Work to complete
Please set down, word for word, each line from the one containing "#13272 = CARTESIAN_POINT" through the final line of the records below, both included, and nothing else.

[Stored items from a collection]
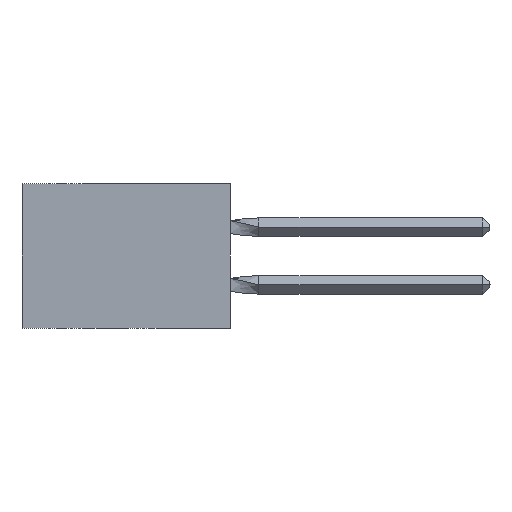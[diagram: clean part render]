
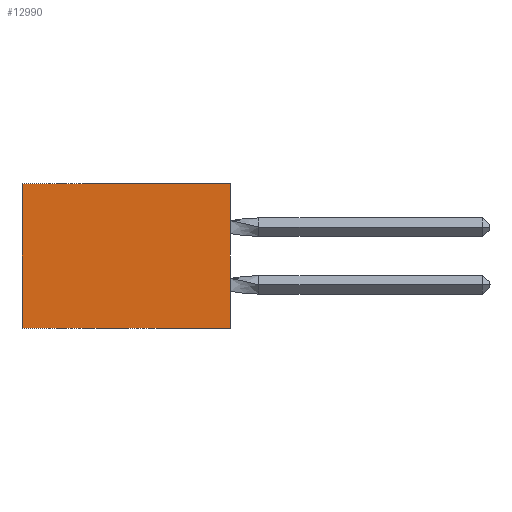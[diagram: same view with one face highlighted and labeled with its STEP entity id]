
A CAD part, left-side view. The second image highlights one B-rep face of the part: STEP entity #12990.
In plain terms, the highlighted planar face has unit normal (-1, 0, 0).
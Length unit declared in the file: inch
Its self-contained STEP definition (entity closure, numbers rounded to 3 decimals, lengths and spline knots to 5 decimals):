
#194 = CARTESIAN_POINT ( 'NONE',  ( 0.305, 0., -0.5 ) ) ;
#309 = CARTESIAN_POINT ( 'NONE',  ( 0.305, 0., 0. ) ) ;
#580 = FACE_OUTER_BOUND ( 'NONE', #13721, .T. ) ;
#753 = DIRECTION ( 'NONE',  ( 0., 1., 0. ) ) ;
#1325 = AXIS2_PLACEMENT_3D ( 'NONE', #8197, #14028, #11744 ) ;
#2187 = VERTEX_POINT ( 'NONE', #11425 ) ;
#2588 = LINE ( 'NONE', #309, #14206 ) ;
#2760 = VERTEX_POINT ( 'NONE', #194 ) ;
#3628 = VECTOR ( 'NONE', #12158, 39.37008 ) ;
#3690 = CARTESIAN_POINT ( 'NONE',  ( 0.305, 0., -0.5 ) ) ;
#3726 = DIRECTION ( 'NONE',  ( 0., 1., 0. ) ) ;
#4504 = EDGE_CURVE ( 'NONE', #2187, #8455, #12618, .T. ) ;
#4972 = ORIENTED_EDGE ( 'NONE', *, *, #7215, .T. ) ;
#5014 = CARTESIAN_POINT ( 'NONE',  ( 0.305, 0., 0. ) ) ;
#5194 = ORIENTED_EDGE ( 'NONE', *, *, #7494, .F. ) ;
#6503 = ORIENTED_EDGE ( 'NONE', *, *, #4504, .T. ) ;
#6571 = LINE ( 'NONE', #8605, #9941 ) ;
#7215 = EDGE_CURVE ( 'NONE', #14434, #2187, #2588, .T. ) ;
#7247 = LINE ( 'NONE', #3690, #13913 ) ;
#7494 = EDGE_CURVE ( 'NONE', #2760, #8455, #6571, .T. ) ;
#8197 = CARTESIAN_POINT ( 'NONE',  ( 0.305, 0., -0.5 ) ) ;
#8455 = VERTEX_POINT ( 'NONE', #9436 ) ;
#8605 = CARTESIAN_POINT ( 'NONE',  ( 0.305, 0., -0.5 ) ) ;
#8996 = EDGE_CURVE ( 'NONE', #14434, #2760, #7247, .T. ) ;
#9436 = CARTESIAN_POINT ( 'NONE',  ( 0.305, 0.72, -0.5 ) ) ;
#9490 = PLANE ( 'NONE',  #1325 ) ;
#9941 = VECTOR ( 'NONE', #753, 39.37008 ) ;
#11425 = CARTESIAN_POINT ( 'NONE',  ( 0.305, 0.72, 0. ) ) ;
#11744 = DIRECTION ( 'NONE',  ( 0., 0., -1. ) ) ;
#12158 = DIRECTION ( 'NONE',  ( 0., 0., -1. ) ) ;
#12618 = LINE ( 'NONE', #13272, #3628 ) ;
#12800 = DIRECTION ( 'NONE',  ( 0., 0., -1. ) ) ;
#12990 = ADVANCED_FACE ( 'NONE', ( #580 ), #9490, .F. ) ;
#13272 = CARTESIAN_POINT ( 'NONE',  ( 0.305, 0.72, -0.5 ) ) ;
#13548 = ORIENTED_EDGE ( 'NONE', *, *, #8996, .F. ) ;
#13721 = EDGE_LOOP ( 'NONE', ( #6503, #5194, #13548, #4972 ) ) ;
#13913 = VECTOR ( 'NONE', #12800, 39.37008 ) ;
#14028 = DIRECTION ( 'NONE',  ( 1., 0., 0. ) ) ;
#14206 = VECTOR ( 'NONE', #3726, 39.37008 ) ;
#14434 = VERTEX_POINT ( 'NONE', #5014 ) ;

Answer area
#13272 = CARTESIAN_POINT ( 'NONE',  ( 0.305, 0.72, -0.5 ) ) ;
#13548 = ORIENTED_EDGE ( 'NONE', *, *, #8996, .F. ) ;
#13721 = EDGE_LOOP ( 'NONE', ( #6503, #5194, #13548, #4972 ) ) ;
#13913 = VECTOR ( 'NONE', #12800, 39.37008 ) ;
#14028 = DIRECTION ( 'NONE',  ( 1., 0., 0. ) ) ;
#14206 = VECTOR ( 'NONE', #3726, 39.37008 ) ;
#14434 = VERTEX_POINT ( 'NONE', #5014 ) ;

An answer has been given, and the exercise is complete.